# Injured chickens



## Dayna (Aug 16, 2012)

So I had to kill and butcher a chicken a couple days ago from a similar but worse injury. Injured only (as far as I can tell) on the head.

Does anyone have any idea what would be doing this? I have cats (that so far seem to have left the chickens alone) dogs that don't have access to the chickens, other chickens, a rooster, goats, sheep.

And wild are mongoose, rats, hawks, feral cats, mice.

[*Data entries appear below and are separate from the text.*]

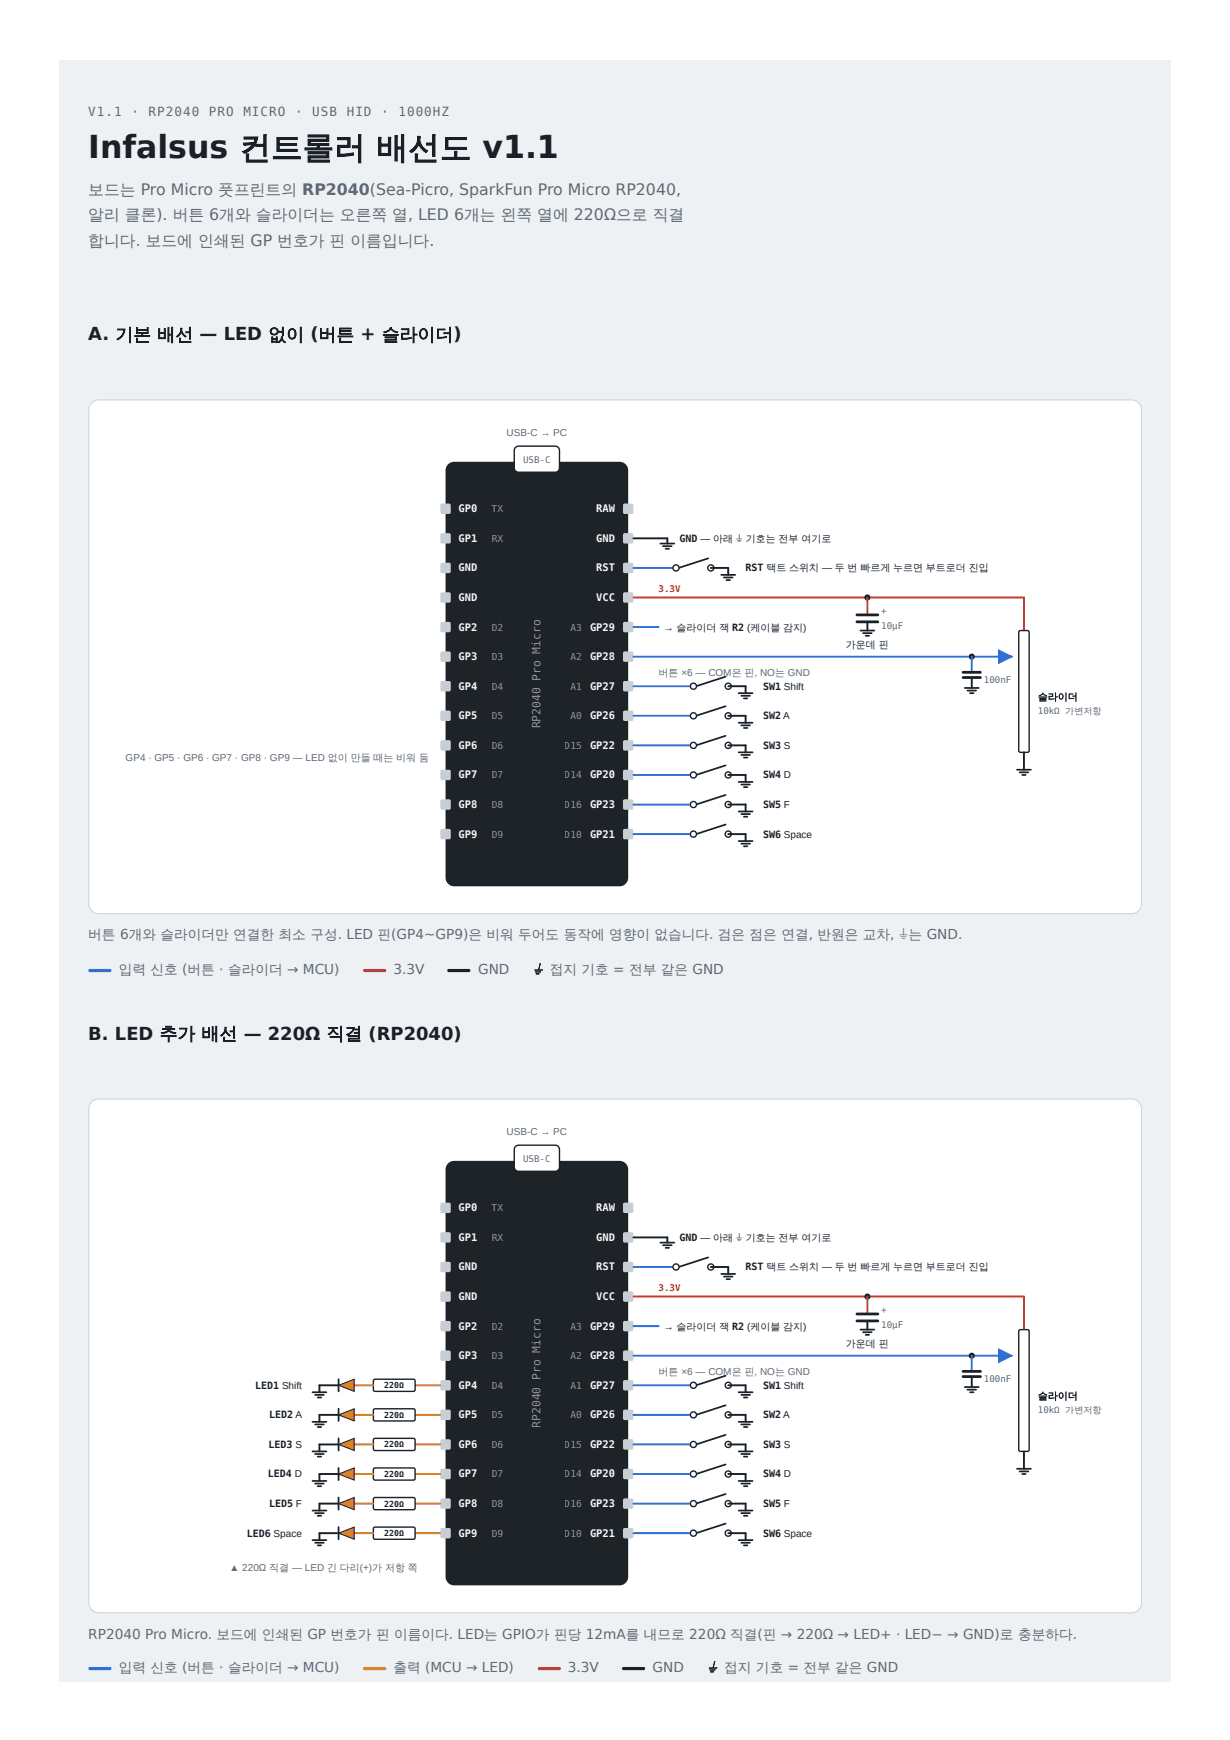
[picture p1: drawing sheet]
<svg xmlns="http://www.w3.org/2000/svg" width="210mm" height="297mm" viewBox="0 0 210 297" stroke-linecap="round" stroke-linejoin="round" font-family="sans-serif">
<path d="M10.1 10.3h189.9v277.1h-189.9z" fill="#eef1f4"/>
<path d="M15.7 68.8a1.71 1.71 0 0 1 1.2-.5h176.5a1.71 1.71 0 0 1 1.7 1.8v84.3a1.71 1.71 0 0 1-1.7 1.7h-176.5a1.71 1.71 0 0 1-1.7-1.7v-84.3a1.71 1.71 0 0 1 .5-1.3z" fill="#fff"/>
<path d="M15.7 68.8a1.71 1.71 0 0 1 1.2-.5h176.5a1.71 1.71 0 0 1 1.7 1.8v84.3a1.71 1.71 0 0 1-1.7 1.7h-176.5a1.71 1.71 0 0 1-1.7-1.7v-84.3a1.71 1.71 0 0 1 .5-1.3z" fill="none" stroke="#cbd3db" stroke-width=".18"/>
<path d="M76.6 79.4l.5-.4 .5-.1h28.3a1.49 1.49 0 0 1 1.5 1.5v69.6a1.49 1.49 0 0 1-1.5 1.5h-28.3a1.49 1.49 0 0 1-1.4-1.5v-69.6l.1-.6z" fill="#1e2328"/>
<path d="M88.1 76.5l.5-.3h6.3a.74 .74 0 0 1 .7 .8v3a.74 .74 0 0 1-.7 .7h-6.3a.74 .74 0 0 1-.7-.7v-3z" fill="#fff"/>
<path d="M88.1 76.5l.5-.3h6.3a.74 .74 0 0 1 .7 .8v3a.74 .74 0 0 1-.7 .7h-6.3a.74 .74 0 0 1-.7-.7v-3z" fill="none" stroke="#1a2027" stroke-width=".24"/>
<g fill="#c9ced4">
<path d="M75.3 86.1h.3h1.4v.2v1.4l-.3 .1-1.4-.1v-.2z"/>
<path d="M106.6 86.1h.2h1.4l.1 .2-.1 1.4-.2 .1-1.4-.1-.1-.2z"/>
<path d="M75.3 91.2l.3-.1 1.4 .1v.2v1.4l-.3 .1-1.4-.1v-.2z"/>
<path d="M106.6 91.2l.2-.1 1.4 .1 .1 .2-.1 1.4-.2 .1-1.4-.1-.1-.2z"/>
<path d="M75.3 96.2h.3h1.4v.3v1.4h-.3h-1.4v-.3z"/>
<path d="M106.6 96.2h.2h1.4l.1 .3-.1 1.4h-.2h-1.4l-.1-.3z"/>
<path d="M75.3 101.3l.3-.1 1.4 .1v.2v1.4l-.3 .1-1.4-.1v-.2z"/>
<path d="M106.6 101.3l.2-.1 1.4 .1 .1 .2-.1 1.4-.2 .1-1.4-.1-.1-.2z"/>
<path d="M75.3 106.4l.3-.1 1.4 .1v.2v1.4l-.3 .1-1.4-.1v-.2z"/>
<path d="M106.6 106.4l.2-.1 1.4 .1 .1 .2-.1 1.4-.2 .1-1.4-.1-.1-.2z"/>
<path d="M75.3 111.4l.3-.1 1.4 .1v.2v1.4l-.3 .1-1.4-.1v-.2z"/>
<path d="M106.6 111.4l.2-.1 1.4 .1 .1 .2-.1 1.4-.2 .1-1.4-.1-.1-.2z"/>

Also, she went missing yesterday and wandered home like this. I don't know when the injuries happened.


----------



## OwnedByTheGoats (Mar 7, 2013)

A raccoon.


----------



## Dayna (Aug 16, 2012)

Those we don't have.


----------



## OwnedByTheGoats (Mar 7, 2013)

Are you positive? That is really the only thing I can think of, as raccoons are notorious for pulling their heads off. Hmmm... strange...


----------



## Dayna (Aug 16, 2012)

Yes 100% positive we don't have racoons. We've got many invasive species here on the Island of Hawaii but racoons have not yet made an appearance.


----------



## OwnedByTheGoats (Mar 7, 2013)

Then my next guess would be the mongoose. Ugh, the creepy things!!!!!


----------



## ksalvagno (Oct 6, 2009)

Could be a hawk too. I don't know anything about mongoose.


----------



## rhodalee (Feb 11, 2013)

I would put some blu-kote on it if you have some it will stop other chickens from pecking at the blood


----------



## GTAllen (Jul 22, 2012)

Another chicken?


----------



## Frosty (Feb 13, 2010)

do you have owls. also I have known other chickens to peck at the heads sometimes and cause damage but owls do take the heads off of chickens.


----------



## Dayna (Aug 16, 2012)

It was a mongoose. I just saw the little nasty working his way into my chicken yard, when a wild chicken with babies started attacking him and when I came up he was scared off. Now I have to trap it.


----------